山種美術館

週明け、みなさま、いかがお過ごしでしょうか?
最近は、日中の温度差が激しいですよね。
昨日は昼間は汗ばむ陽気でしたが、夜になり寒くて震えました。

で、そんな暑さの中、移転後の山種美術館に初めていきました。

とにかく、おしゃれです。
しかし!!! なんですか、あのわかりにくさは!

自動ドアをくぐって、すぐに受付があり、もぎりがあり、
展示室に行くための階段があります。
ここまでは、流れるようにスムーズ。

しかし、下に降りてから「あれ、ロッカーは?」となります。
また、階段を上がって、「あの、ロッカーは?」と聞いたら、
「右手にございます」で、もぎりのところを出て、
映像見せているスペースを超えて、どんどん行って右に
曲がったら、そこは、トイレでした。え?

戻ってみたら、映像スペースの手前のうす暗がりが
ロッカーでした。
で、鞄の中からお財布とiphoneを出そうとしたら、
iphoneがまぎれて、見つかりません。
暗くて、わかんないわけ。

仕方ないから、映像スペースまで戻って、人のスキマを
縫って荷物を置いて、中を確認して、やっと発見。
やっと、ロッカーに入れて、半券見せて、また、
展示室に行きました。

すると……。

まったく覚えられない「順路」がありました。
1番からまっすぐに進み、あるところまできたら、
Uターンして、また進んで、くるっと戻ってみたいな
変な図が貼られていました。

じっと眺めましたが、どう頑張っても、覚えられそうにありません。
見切り発車で動きました。

壁がつながっているところまでしかわかりません。
あとは、ちょこっと書いてある矢印に気づいたら、そこで
進路を変える感じ?

どこの誰ですか、こんなバカな仕掛けを押し付けるのは?
だって、良識がありそうな年配の男性が悪気なく、
逆流したり、お育ちのよさそうな奥様が「えっと、次は?」って
してましたよ? 私だけじゃないんですよ。

なぜ、こんなに人の生理を無視した造りなのでしょう?
所蔵作品から察するに、主なターゲットは年配の方でしょう?
なのに、なぜ、こんなバカげた仕掛けなのですか?

美術館は、美意識のかたまりみたいなものですから、
野暮を排したい気持ちはよくわかります。
でも、人の生理を無視した造りにしてまでやることでしょうか?
金沢の21世紀美術館は極限までこだわっていますが、
順路は自然にわかりますよ。
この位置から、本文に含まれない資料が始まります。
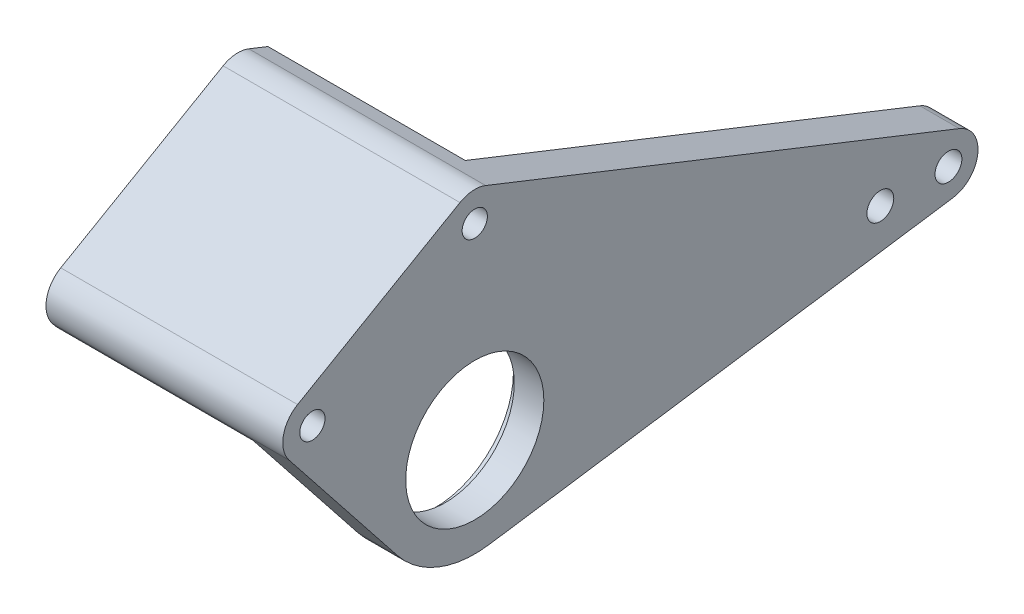
SolidWorks part; units mm, degrees
ref_plane "Front Plane" through (0, 0, 0) normal (0, 0, 1) x (1, 0, 0)
ref_plane "Top Plane" through (0, 0, 0) normal (0, 1, 0) x (1, 0, 0)
ref_plane "Right Plane" through (0, 0, 0) normal (1, 0, 0) x (0, 0, -1)
sketch "Sketch1" plane through (0, 0, 0) normal (1, 0, 0) x (0, 0, -1)
  line L0 (1.7528, 4.4282) -> (-74.4472, 34.5907)
  line L1 (-78.5812, 34.2869) -> (-104.7027, 19.2057)
  line L2 (-106.0548, 12.1242) -> (-88.6443, -9.8568)
  line L3 (-73.8849, -15.7053) -> (0.6945, -4.7116)
  line L4 (-102.3215, 15.0813) -> (-76.2, 0) construction
  line L5 (-76.2, 0) -> (-76.2, 30.1625) construction
  line L6 (0, 0) -> (-76.2, 0) construction
  circle A0 centre (0, 0) radius 2.159
  arc A1 (0.6945, -4.7116) -> (1.7528, 4.4282) centre (0, 0) ccw
  arc A2 (-74.4472, 34.5907) -> (-78.5812, 34.2869) centre (-76.2, 30.1625) ccw
  arc A3 (-104.7027, 19.2057) -> (-106.0548, 12.1242) centre (-102.3215, 15.0813) ccw
  arc A4 (-88.6443, -9.8568) -> (-73.8849, -15.7053) centre (-76.2, 0) ccw
  circle A5 centre (-76.2, 0) radius 11.1125
  circle A6 centre (-76.2, 30.1625) radius 2.032
  circle A7 centre (-76.2, 0) radius 26.1938 construction
  circle A8 centre (-102.3215, 15.0813) radius 2.032
  circle A9 centre (-10.955, 0) radius 2.159
  dimension "D1" = 4.318
  dimension "D2" = 9.525
  dimension "D3" = 22.225
  dimension "D4" = 4.7625
  dimension "D5" = 15.875
  dimension "D6" = 52.3875
  dimension "D10" = 4.064
  dimension "D7" = 30.1625
  dimension "D8" = 76.2
  dimension "D9" = 60
  dimension "D11" = 10.955
extrude "Boss-Extrude1" add sketch "Sketch1" along normal blind 6.35
sketch "Sketch2" plane through (6.35, 0, 0) normal (1, 0, 0) x (0, 0, -1)
  circle A0 centre (-76.2, 0) radius 12.573
  dimension "D1" = 25.146
extrude "Cut-Extrude1" cut sketch "Sketch2" against normal blind 1.5875
sketch "Sketch3" plane through (6.35, 0, 0) normal (1, 0, 0) x (0, 0, -1)
  line L0 (-74.4472, 34.5907) -> (-71.374, 33.3742)
  line L1 (-76.2, 33.902) -> (-79.4385, 32.0322)
  line L2 (-79.4385, 32.0322) -> (-79.4385, 28.2928)
  line L3 (-79.4385, 28.2928) -> (-76.2, 26.423)
  line L4 (-76.2, 26.423) -> (-72.9615, 28.2928)
  line L5 (-72.9615, 28.2928) -> (-72.9615, 32.0322)
  line L6 (-72.9615, 32.0322) -> (-76.2, 33.902)
  line L7 (-102.3215, 18.8207) -> (-105.56, 16.951)
  line L8 (-105.56, 16.951) -> (-105.56, 13.2115)
  line L9 (-105.56, 13.2115) -> (-102.3215, 11.3418)
  line L10 (-102.3215, 11.3418) -> (-99.083, 13.2115)
  line L11 (-99.083, 13.2115) -> (-99.083, 16.951)
  line L12 (-99.083, 16.951) -> (-102.3215, 18.8207)
  line L13 (-78.5813, 34.2869) -> (-104.7027, 19.2057)
  line L14 (-106.0548, 12.1242) -> (-102.1951, 7.2513)
  line L17 (1.7528, 4.4282) -> (-74.4472, 34.5907) construction
  line L18 (-71.374, 26.5525) -> (-71.374, 33.3742)
  line L20 (-78.5812, 34.2869) -> (-104.7027, 19.2057) construction
  line L21 (-106.0548, 12.1242) -> (-88.6443, -9.8568) construction
  circle A0 centre (-76.2, 30.1625) radius 3.2385 construction
  circle A1 centre (-102.3215, 15.0813) radius 3.2385 construction
  arc A4 (-74.4472, 34.5907) -> (-78.5813, 34.2869) centre (-76.2, 30.1625) ccw
  arc A5 (-104.7027, 19.2057) -> (-106.0548, 12.1242) centre (-102.3215, 15.0813) ccw
  arc A6 (-102.1951, 7.2513) -> (-71.374, 26.5525) centre (-76.2, 0) cw
  arc A7 (-74.4472, 34.5907) -> (-78.5812, 34.2869) centre (-76.2, 30.1625) ccw construction
  arc A8 (-104.7027, 19.2057) -> (-106.0548, 12.1242) centre (-102.3215, 15.0813) ccw construction
  line M18 (1.7528, 4.4282) -> (-74.4472, 34.5907)
  arc M19 (-74.4472, 34.5907) -> (-78.5812, 34.2869) centre (-76.2, 30.1625) ccw
  line M20 (-78.5812, 34.2869) -> (-104.7027, 19.2057)
  arc M21 (-104.7027, 19.2057) -> (-106.0548, 12.1242) centre (-102.3215, 15.0813) ccw
  line M22 (-106.0548, 12.1242) -> (-88.6443, -9.8568)
  dimension "D4" = 26.9875
  dimension "D1" = 6.477
  dimension "D2" = 6.477
  dimension "D3" = 1.5875
extrude "Boss-Extrude2" add sketch "Sketch3" along normal blind 31.75 contours A6 L10 L9 L8 L7 L12 L11 L3 L2 L1 L6 L5 L4 L18 M22 M18 M19 M20 M21 region at (6.35, 23.916, 90.2574)
fillet "Fillet1" radius 3.175 2 edges at (22.225, 26.5525, 71.374) (22.225, 7.2513, 102.1951)
mirror "Mirror1" about plane through (6.35, 0, 0) normal (1, 0, 0) of bodies 104 102
delete or keep bodies "Body-Delete/Keep 1" type delete bodies bodies 104

わかるように作っていますよ。

リピーターなら、「それが山種流」「山種は、こう見るのよ」で、
かえってハクがつくというか、暗黙の了解で、特権気分で
いいのかもしれませんが、一見の人間に不親切な造りは、
本当にどうかと思います。

案の定、帰りも、もう配置を忘れて、
ロッカーから荷物を出そうと、トイレに直進しちゃいました。
感覚的に、位置が逆なんですよ。
で、ロッカースペース、必要以上に照明をしぼりすぎ。
そのくせ、ロッカーを開けると、全面に
「お忘れ物がないように!」みたいな注意書きがあるのです。
私、あちこち行っていますが、こんなバカな注意書きがある
コインロッカー見たことないです。
たいていは、自然に、中が見渡せますから。
ロッカースペースの照明を絞っているから、中が見えにくいわけ。

ロッカー閉めれば、文字は見えないから、見えないところは、
ガンガン書くみたいないやらしさを感じました。
本当は、荷物を整理する台が欲しいところですよ。
気の利いた美術館には、おいてあります。
で、ロッカー近くに台がある美術館で、戸惑うことはまずありません。
というか、こんなに頭を使わせる美術館は初めてかも?

でも、もう設計段階で「気取り」を取ったわけですから、
持病もちみたいなものですよね。
ロッカーも、照明を明るくしたら、目立ってしまって
ムードが壊れます。スペースがないから、整理台なんて無理でしょう。
トイレの位置も変えられません。
絶対に覚えられない順路も、きっと毎回似たような感じなのでしょう。
お客さんが慣れるしかないんですよね。

でもねえ。
絵を見に来ているのに、順路を気にしないといけないなんて、本当に
バカな話ですよ。
集中力が途切れちゃうでしょ?
えっと、次はどこ?みたいに。
気にしなくていいなら、適当に見ますけれど、そうすると、
うっかり逆流する迷惑な人になっちゃうわけです。
客層もよく、ありがちなガラスケースの鑑賞者の映り込みもなく、
展示室の照明も絞られ、絵が浮き立つように見えて、
非常に心地よいのです。
それだけに、「えっと、次は?」が、どうもそぐいません。

なぜ、あの造りにしたのですか、山種美術館さん!!!

何を見たかよりも、なぜこの造りなの?が残った訪問となりました。